Nov. 28th, 2013

nverland: (Cooking3-Chef)
[personal profile] nverland
Vermont Beer Cheese Soup

Step One
* 1/4 pound Butter
* 3 ounces Onion — small dice
* 3 ounces Celery — small dice

* 3 ounces Carrots — small dice
* 2 ounces Green peppers — small dice

Step Two
* 4 Ounces Flour

Step Three
* 1 1/2 quarts Chicken Stock

Step Four
* 5/8 pound Vermont Cheddar Cheese — shredded
* 1/2 quart Half And Half

Step Five
* 6 Ounces Beer, Dark or Imported
(I like to use Newcastle Brown Ale)

* Salt and White Pepper — to taste

[1) Saute vegetables in Step One for 5 minutes.

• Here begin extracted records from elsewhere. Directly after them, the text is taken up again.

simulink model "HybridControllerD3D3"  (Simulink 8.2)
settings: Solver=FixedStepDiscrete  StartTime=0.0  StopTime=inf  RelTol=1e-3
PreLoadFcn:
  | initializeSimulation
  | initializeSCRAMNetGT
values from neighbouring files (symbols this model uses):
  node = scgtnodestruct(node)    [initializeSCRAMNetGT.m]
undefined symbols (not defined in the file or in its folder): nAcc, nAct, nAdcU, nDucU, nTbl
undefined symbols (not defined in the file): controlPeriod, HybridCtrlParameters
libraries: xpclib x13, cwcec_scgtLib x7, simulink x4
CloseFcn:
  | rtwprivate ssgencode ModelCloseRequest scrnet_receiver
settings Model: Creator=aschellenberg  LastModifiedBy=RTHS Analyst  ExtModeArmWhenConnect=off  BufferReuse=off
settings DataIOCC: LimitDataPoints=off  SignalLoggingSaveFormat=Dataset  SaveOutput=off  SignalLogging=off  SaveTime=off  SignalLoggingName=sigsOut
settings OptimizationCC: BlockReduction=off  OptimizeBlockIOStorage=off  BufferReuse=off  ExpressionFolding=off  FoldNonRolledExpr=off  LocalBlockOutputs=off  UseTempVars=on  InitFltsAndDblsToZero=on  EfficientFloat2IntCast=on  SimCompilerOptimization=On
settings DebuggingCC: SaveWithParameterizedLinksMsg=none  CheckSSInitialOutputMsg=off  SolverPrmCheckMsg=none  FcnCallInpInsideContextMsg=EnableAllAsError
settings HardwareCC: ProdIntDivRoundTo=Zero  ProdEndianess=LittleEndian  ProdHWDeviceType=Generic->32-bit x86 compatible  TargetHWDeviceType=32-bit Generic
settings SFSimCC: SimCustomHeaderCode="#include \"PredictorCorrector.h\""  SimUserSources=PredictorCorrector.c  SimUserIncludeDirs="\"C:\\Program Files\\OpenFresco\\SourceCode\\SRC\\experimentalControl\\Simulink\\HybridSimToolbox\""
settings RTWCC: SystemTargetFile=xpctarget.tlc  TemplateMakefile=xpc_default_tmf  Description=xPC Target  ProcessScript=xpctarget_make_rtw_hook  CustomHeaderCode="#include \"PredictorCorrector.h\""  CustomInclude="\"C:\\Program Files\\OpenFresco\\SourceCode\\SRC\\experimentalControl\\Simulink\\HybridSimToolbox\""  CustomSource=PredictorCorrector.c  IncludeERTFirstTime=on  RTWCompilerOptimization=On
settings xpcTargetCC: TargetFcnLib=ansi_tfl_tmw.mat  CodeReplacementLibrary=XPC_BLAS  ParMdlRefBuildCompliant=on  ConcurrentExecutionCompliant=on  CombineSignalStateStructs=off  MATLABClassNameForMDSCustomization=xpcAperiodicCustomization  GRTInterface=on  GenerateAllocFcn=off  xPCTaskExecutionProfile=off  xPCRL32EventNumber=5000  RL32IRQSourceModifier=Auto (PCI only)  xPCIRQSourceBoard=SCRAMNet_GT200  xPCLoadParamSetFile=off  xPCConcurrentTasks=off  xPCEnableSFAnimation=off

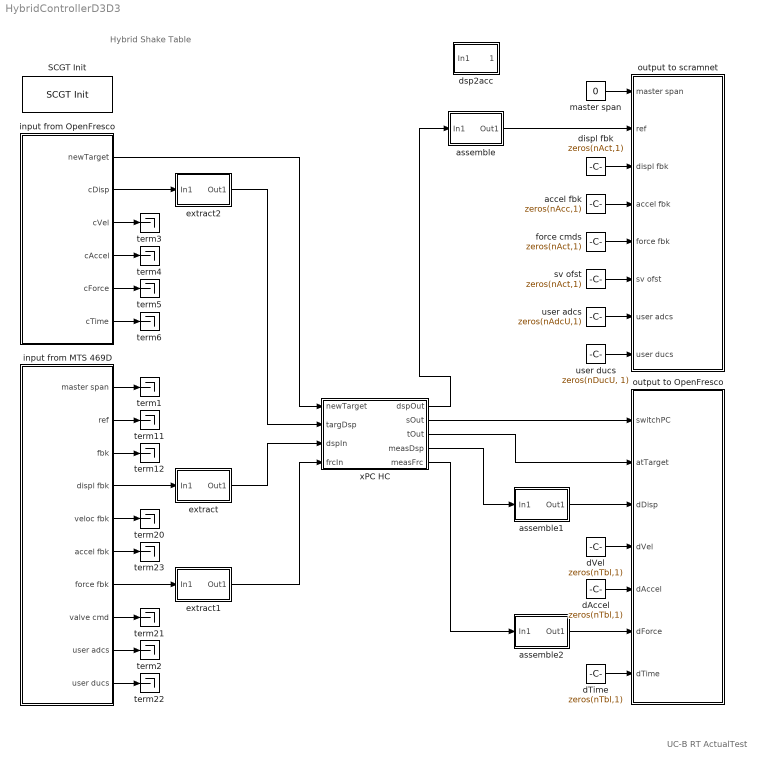
== system HybridControllerD3D3 ==
  note: Hybrid Shake Table
  note: UC-B RT ActualTest
  "SCGT Init " : cwcec_scgtLib/SCGT Init   node=node  pci=-1
  accel fbk : Constant  Value=zeros(nAcc,1)
  assemble : Subsystem  mask(to Actuators){id=[1], size=nTbl}
      mask prompts: id "Index Vector: id"; size "Vector Size: size"
      mask help: To select to which actuator(s) the signals are going to
      mask Display: disp('Assemble')
  assemble1 : Subsystem  mask(to Actuators){id=[1], size=nTbl}
      mask prompts: id "Index Vector: id"; size "Vector Size: size"
      mask help: To select to which actuator(s) the signals are going to
      mask Display: disp('Assemble')
  assemble2 : Subsystem  mask(to Actuators){id=[1], size=nTbl}
      mask prompts: id "Index Vector: id"; size "Vector Size: size"
      mask help: To select to which actuator(s) the signals are going to
      mask Display: disp('Assemble')
  dAccel : Constant  Value=zeros(nTbl,1)
  dTime : Constant  Value=zeros(nTbl,1)
  dVel : Constant  Value=zeros(nTbl,1)
  displ fbk : Constant  Value=zeros(nAct,1)
  dsp2acc : Subsystem
  extract : Subsystem  mask(from Actuators){id=[1], size=nTbl}
      mask prompts: id "Index Vector: id"; size "Vector Size: size"
      mask help: To select from which actuator(s) the signals are coming from
      mask Display: disp('Extract')
  extract1 : Subsystem  mask(from Actuators){id=[1], size=nTbl}
      mask prompts: id "Index Vector: id"; size "Vector Size: size"
      mask help: To select from which actuator(s) the signals are coming from
      mask Display: disp('Extract')
  extract2 : Subsystem  mask(from Actuators){id=[1], size=nTbl}
      mask prompts: id "Index Vector: id"; size "Vector Size: size"
      mask help: To select from which actuator(s) the signals are coming from
      mask Display: disp('Extract')
  force cmds : Constant  Value=zeros(nAct,1)
  input from MTS 469D : Subsystem
  input from OpenFresco : Subsystem
  master span : Constant  Value=0
  output to OpenFresco : Subsystem
  output to scramnet : Subsystem
  sv ofst : Constant  Value=zeros(nAct,1)
  term{1..6,11..12,20..23} (12 alike) : Terminator
  user adcs : Constant  Value=zeros(nAdcU,1)
  user ducs : Constant  Value=zeros(nDucU, 1)  OutDataTypeStr=uint32
  xPC HC : Subsystem  mask(Hybrid Controller: D3/D3){nAct=1, dtInt=HybridCtrlParameters.dtInt, dtSim=HybridCtrlParameters.dtSim, dtCon=HybridCtrlParameters.dtCon, N=HybridCtrlParameters.N, iDelay=HybridCtrlParameters.iDelay}
      mask prompts: nAct "Number of Actuators: nAct"; dtInt "Integration time step: dtInt"; dtSim "Simulation time step: dtSim"; dtCon "Controller time step: dtCon"; N "Maximum number of substeps: N"; iDelay "Number of delay steps: iDelay"
      mask help: Hybrid Controller using C0-continuous cubic Lagrange interpolation for prediction and correction
      mask Display: disp('xPC Target\nHybrid Controller\n(D3/D3)')
  wires:
  master span/1 -> output to scramnet/1(master span)
  force cmds/1 -> output to scramnet/5(force fbk)
  displ fbk/1 -> output to scramnet/3(displ fbk)
  user ducs/1 -> output to scramnet/8(user ducs)
  dVel/1 -> output to OpenFresco/4(dVel)
  dAccel/1 -> output to OpenFresco/5(dAccel)
  dTime/1 -> output to OpenFresco/7(dTime)
  input from OpenFresco/3(cVel) -> term3/1
  input from OpenFresco/5(cForce) -> term5/1
  input from OpenFresco/6(cTime) -> term6/1
  input from OpenFresco/1(newTarget) -> xPC HC/1(newTarget)
  extract2/1(Out1) -> xPC HC/2(targDsp)
  extract/1(Out1) -> xPC HC/3(dspIn)
  extract1/1(Out1) -> xPC HC/4(frcIn)
  xPC HC/1(dspOut) -> assemble/1(In1)
  xPC HC/5(measFrc) -> assemble2/1(In1)
  xPC HC/4(measDsp) -> assemble1/1(In1)
  xPC HC/3(tOut) -> output to OpenFresco/2(atTarget)
  xPC HC/2(sOut) -> output to OpenFresco/1(switchPC)
  assemble1/1(Out1) -> output to OpenFresco/3(dDisp)
  assemble2/1(Out1) -> output to OpenFresco/6(dForce)
  input from MTS 469D/1(master span) -> term1/1
  input from MTS 469D/2(ref) -> term11/1
  input from MTS 469D/3(fbk) -> term12/1
  input from MTS 469D/4(displ fbk) -> extract/1(In1)
  input from MTS 469D/5(veloc fbk) -> term20/1
  input from MTS 469D/6(accel fbk) -> term23/1
  input from MTS 469D/7(force fbk) -> extract1/1(In1)
  input from MTS 469D/8(valve cmd) -> term21/1
  input from MTS 469D/10(user ducs) -> term22/1
  input from MTS 469D/9(user adcs) -> term2/1
  accel fbk/1 -> output to scramnet/4(accel fbk)
  user adcs/1 -> output to scramnet/7(user adcs)
  input from OpenFresco/2(cDisp) -> extract2/1(In1)
  input from OpenFresco/4(cAccel) -> term4/1
  sv ofst/1 -> output to scramnet/6(sv ofst)
  assemble/1(Out1) -> output to scramnet/2(ref)

== system HybridControllerD3D3/assemble ==
  In1 : Inport
  Assignment : Assignment  OutputInitialize=Specify size for each dimension in table  IndexOptions=Index vector (port)  Indices=1  OutputSizes=size
  Constant : Constant  Value=id
  Out1 : Outport
  wires:
  Constant/1 -> Assignment/2
  Assignment/1 -> Out1/1
  In1/1 -> Assignment/1

== system HybridControllerD3D3/assemble1 ==
  In1 : Inport
  Assignment : Assignment  OutputInitialize=Specify size for each dimension in table  IndexOptions=Index vector (port)  Indices=1  OutputSizes=size
  Constant : Constant  Value=id
  Out1 : Outport
  wires:
  Constant/1 -> Assignment/2
  Assignment/1 -> Out1/1
  In1/1 -> Assignment/1

== system HybridControllerD3D3/assemble2 ==
  In1 : Inport
  Assignment : Assignment  OutputInitialize=Specify size for each dimension in table  IndexOptions=Index vector (port)  Indices=1  OutputSizes=size
  Constant : Constant  Value=id
  Out1 : Outport
  wires:
  Constant/1 -> Assignment/2
  Assignment/1 -> Out1/1
  In1/1 -> Assignment/1

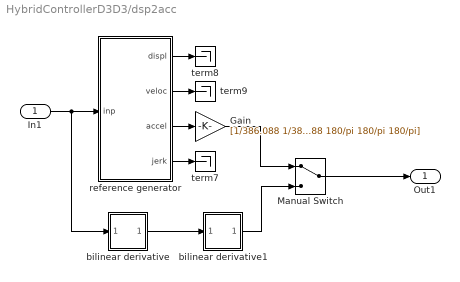
== system HybridControllerD3D3/dsp2acc ==
  In1 : Inport
  Gain : Gain  Gain=[1/386.088 1/386.088 1/386.088 180/pi 180/pi 180/pi]
  Manual Switch : ManualSwitch
  bilinear derivative : Subsystem  mask(Discrete Bilinear Differentiator){decay=1, initialCondition=0, samplePeriod=controlPeriod}
      mask prompts: decay "Decay time constant (0: backward Euler, 1: binlinear)"; initialCondition "Initial condition"; samplePeriod "Sample period"
      mask Display:
      | text(0.1,.75,'2');
      | text(0.1,.65,'_');
      | text(0.1,.25,'T');
      | text(.3,.80,'{1-z}^{-1}', 'hor','left','texmode','on');
      | text(.3,.65,'___');
      | text(.3,.30,'{1+z}^{-1}', 'hor','left','texmode','on');
  bilinear derivative1 : Subsystem  mask(Discrete Bilinear Differentiator){decay=1, initialCondition=0, samplePeriod=controlPeriod}
      mask prompts: decay "Decay time constant (0: backward Euler, 1: binlinear)"; initialCondition "Initial condition"; samplePeriod "Sample period"
      mask Display:
      | text(0.1,.75,'2');
      | text(0.1,.65,'_');
      | text(0.1,.25,'T');
      | text(.3,.80,'{1-z}^{-1}', 'hor','left','texmode','on');
      | text(.3,.65,'___');
      | text(.3,.30,'{1+z}^{-1}', 'hor','left','texmode','on');
  reference generator : Subsystem  mask(Reference Generator){mode=1, freqHP=0.0625, freqLP=128, displCanon=1, velocCanon=1, accelCanon=1, jerkCanon=1, samplePeriod=controlPeriod}
      mask prompts: mode "Mode (1: displ, 2: veloc, 3: accel)"; freqHP "Cut-in frequency (Hz)"; freqLP "Cutoff frequency (Hz)"; displCanon "Canonical displacement units"; velocCanon "Canonical velocity units"; accelCanon "Canonical acceleration units"; jerkCanon "Canonical jerk units"; samplePeriod "Sample period (sec)"
      mask init:
      | omegaHP	= 2 * pi * freqHP;
      | omegaLP	= 2 * pi * freqLP;
      | if mode == 1
      | 	damp = 0.707106781186547;
      | 	b  = omegaLP * omegaLP;
      | 	a0 = 0;
      | 	a1 = omegaLP * omegaLP;
      | 	a2 = 2 * damp * omegaLP;
      | 	canon = displCanon;
      | elseif mode == 2
      | 	damp = 0.707106781186547;
      | 	b  = omegaLP;
      | 	a0 = omegaHP * omegaHP * omegaLP;
      | 	a1 = (2 * damp * omegaLP + omegaHP) * omegaHP;
      | 	a2 = 2 * damp * omegaHP + omegaLP;
      | 	canon = velocCanon;
      | elseif mode == 3
      | 	damp = 0.5;
      | 	b  = 1;
      | 	a0 = omegaHP * omegaHP * omegaHP;
      | 	a1 = (2 * damp + 1) * omegaHP * omegaHP;
      | 	a2 = (2 * damp + 1) * omegaHP;
      | 	canon = accelCanon;
      | end
  term7 : Terminator
  term8 : Terminator
  term9 : Terminator
  Out1 : Outport
  wires:
  In1/1 -> reference generator/1(inp), bilinear derivative/1(inp)
  reference generator/2(veloc) -> term9/1
  reference generator/4(jerk) -> term7/1
  reference generator/1(displ) -> term8/1
  reference generator/3(accel) -> Gain/1
  bilinear derivative/1(out) -> bilinear derivative1/1(inp)
  Gain/1 -> Manual Switch/1
  bilinear derivative1/1(out) -> Manual Switch/2
  Manual Switch/1 -> Out1/1

== system HybridControllerD3D3/extract ==
  In1 : Inport
  Selector : Selector  InputPortWidth=size  IndexOptions=Index vector (dialog)  Indices=id  OutputSizes=1
  Out1 : Outport
  wires:
  Selector/1 -> Out1/1
  In1/1 -> Selector/1

== system HybridControllerD3D3/extract1 ==
  In1 : Inport
  Selector : Selector  InputPortWidth=size  IndexOptions=Index vector (dialog)  Indices=id  OutputSizes=1
  Out1 : Outport
  wires:
  Selector/1 -> Out1/1
  In1/1 -> Selector/1

== system HybridControllerD3D3/extract2 ==
  In1 : Inport
  Selector : Selector  InputPortWidth=size  IndexOptions=Index vector (dialog)  Indices=id  OutputSizes=1
  Out1 : Outport
  wires:
  Selector/1 -> Out1/1
  In1/1 -> Selector/1

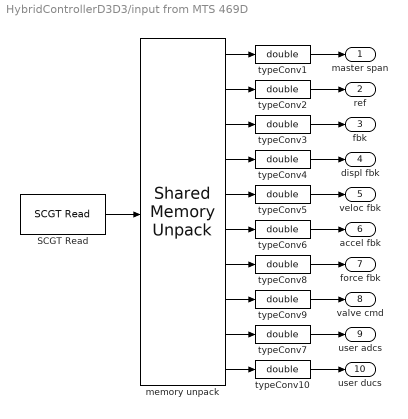
== system HybridControllerD3D3/input from MTS 469D ==
  "SCGT Read " : cwcec_scgtLib/SCGT Read   partition=node.Partitions(9:18)  ts=controlPeriod  pci=-1
  memory unpack : xpclib/Shared Memory/Shared Memory Unpack   partition=node.Partitions(9:18)
  typeConv{1..10} (10 alike) : DataTypeConversion  OutDataTypeStr=double  SaturateOnIntegerOverflow=on  RndMeth=Zero
  master span : Outport
  ref : Outport  Port=2
  fbk : Outport  Port=3
  displ fbk : Outport  Port=4
  veloc fbk : Outport  Port=5
  accel fbk : Outport  Port=6
  force fbk : Outport  Port=7
  valve cmd : Outport  Port=8
  user adcs : Outport  Port=9
  user ducs : Outport  Port=10
  wires:
  memory unpack/10 -> typeConv10/1
  memory unpack/9 -> typeConv7/1
  memory unpack/8 -> typeConv9/1
  memory unpack/7 -> typeConv8/1
  memory unpack/6 -> typeConv6/1
  memory unpack/5 -> typeConv5/1
  memory unpack/4 -> typeConv4/1
  memory unpack/3 -> typeConv3/1
  memory unpack/2 -> typeConv2/1
  memory unpack/1 -> typeConv1/1
  typeConv2/1 -> ref/1
  typeConv1/1 -> master span/1
  "SCGT Read "/1 -> memory unpack/1
  typeConv3/1 -> fbk/1
  typeConv4/1 -> displ fbk/1
  typeConv5/1 -> veloc fbk/1
  typeConv6/1 -> accel fbk/1
  typeConv8/1 -> force fbk/1
  typeConv9/1 -> valve cmd/1
  typeConv7/1 -> user adcs/1
  typeConv10/1 -> user ducs/1

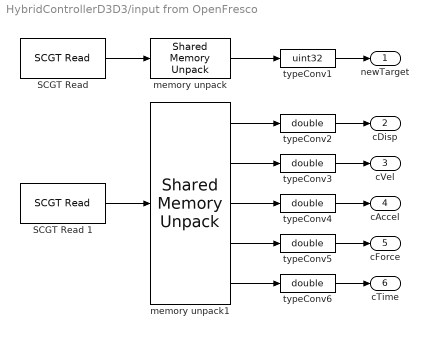
== system HybridControllerD3D3/input from OpenFresco ==
  "SCGT Read " : cwcec_scgtLib/SCGT Read   partition=node.Partitions(19)  ts=controlPeriod  pci=-1
  SCGT Read 1 : cwcec_scgtLib/SCGT Read   partition=node.Partitions(22:26)  ts=controlPeriod  pci=-1
  memory unpack : xpclib/Shared Memory/Shared Memory Unpack   partition=node.Partitions(19)
  memory unpack1 : xpclib/Shared Memory/Shared Memory Unpack   partition=node.Partitions(22:26)
  typeConv1 : DataTypeConversion  OutDataTypeStr=uint32  SaturateOnIntegerOverflow=on  RndMeth=Zero
  typeConv{2..6} (5 alike) : DataTypeConversion  OutDataTypeStr=double  SaturateOnIntegerOverflow=on  RndMeth=Zero
  newTarget : Outport
  cDisp : Outport  Port=2
  cVel : Outport  Port=3
  cAccel : Outport  Port=4
  cForce : Outport  Port=5
  cTime : Outport  Port=6
  wires:
  typeConv1/1 -> newTarget/1
  memory unpack/1 -> typeConv1/1
  typeConv2/1 -> cDisp/1
  typeConv3/1 -> cVel/1
  memory unpack1/2 -> typeConv3/1
  typeConv4/1 -> cAccel/1
  memory unpack1/3 -> typeConv4/1
  typeConv5/1 -> cForce/1
  typeConv6/1 -> cTime/1
  memory unpack1/5 -> typeConv6/1
  memory unpack1/4 -> typeConv5/1
  "SCGT Read "/1 -> memory unpack/1
  SCGT Read 1/1 -> memory unpack1/1
  memory unpack1/1 -> typeConv2/1

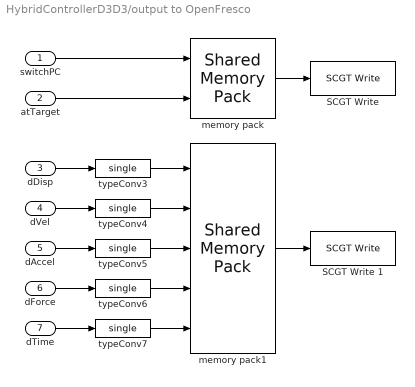
== system HybridControllerD3D3/output to OpenFresco ==
  switchPC : Inport
  atTarget : Inport  Port=2
  dDisp : Inport  Port=3
  dVel : Inport  Port=4
  dAccel : Inport  Port=5
  dForce : Inport  Port=6
  dTime : Inport  Port=7
  "SCGT Write " : cwcec_scgtLib/SCGT Write   partition=node.Partitions(20:21)  ts=controlPeriod  pci=-1
  SCGT Write 1 : cwcec_scgtLib/SCGT Write   partition=node.Partitions(27:31)  ts=controlPeriod  pci=-1
  memory pack : xpclib/Shared Memory/Shared Memory Pack   partition=node.Partitions(20:21)
  memory pack1 : xpclib/Shared Memory/Shared Memory Pack   partition=node.Partitions(27:31)
  typeConv{3..7} (5 alike) : DataTypeConversion  OutDataTypeStr=single  SaturateOnIntegerOverflow=on  RndMeth=Zero
  wires:
  dAccel/1 -> typeConv5/1
  switchPC/1 -> memory pack/1
  dVel/1 -> typeConv4/1
  dDisp/1 -> typeConv3/1
  typeConv4/1 -> memory pack1/2
  typeConv5/1 -> memory pack1/3
  dForce/1 -> typeConv6/1
  typeConv6/1 -> memory pack1/4
  dTime/1 -> typeConv7/1
  typeConv7/1 -> memory pack1/5
  atTarget/1 -> memory pack/2
  memory pack/1 -> "SCGT Write "/1
  memory pack1/1 -> SCGT Write 1/1
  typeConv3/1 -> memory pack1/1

[2) Add flour, stir until well blended…2-3 minutes.

[3) Add chicken stock. Gently boil for 7 minutes, stirring.

[4) Add cheese & cream, mixing well. Heat to a simmer, stirring frequently.

[5) When Cheese is completely melted, add beer and heat until hot, stirring frequently.

Season with Salt and White Pepper to taste.

Serving Ideas: Garnish with croutons.

.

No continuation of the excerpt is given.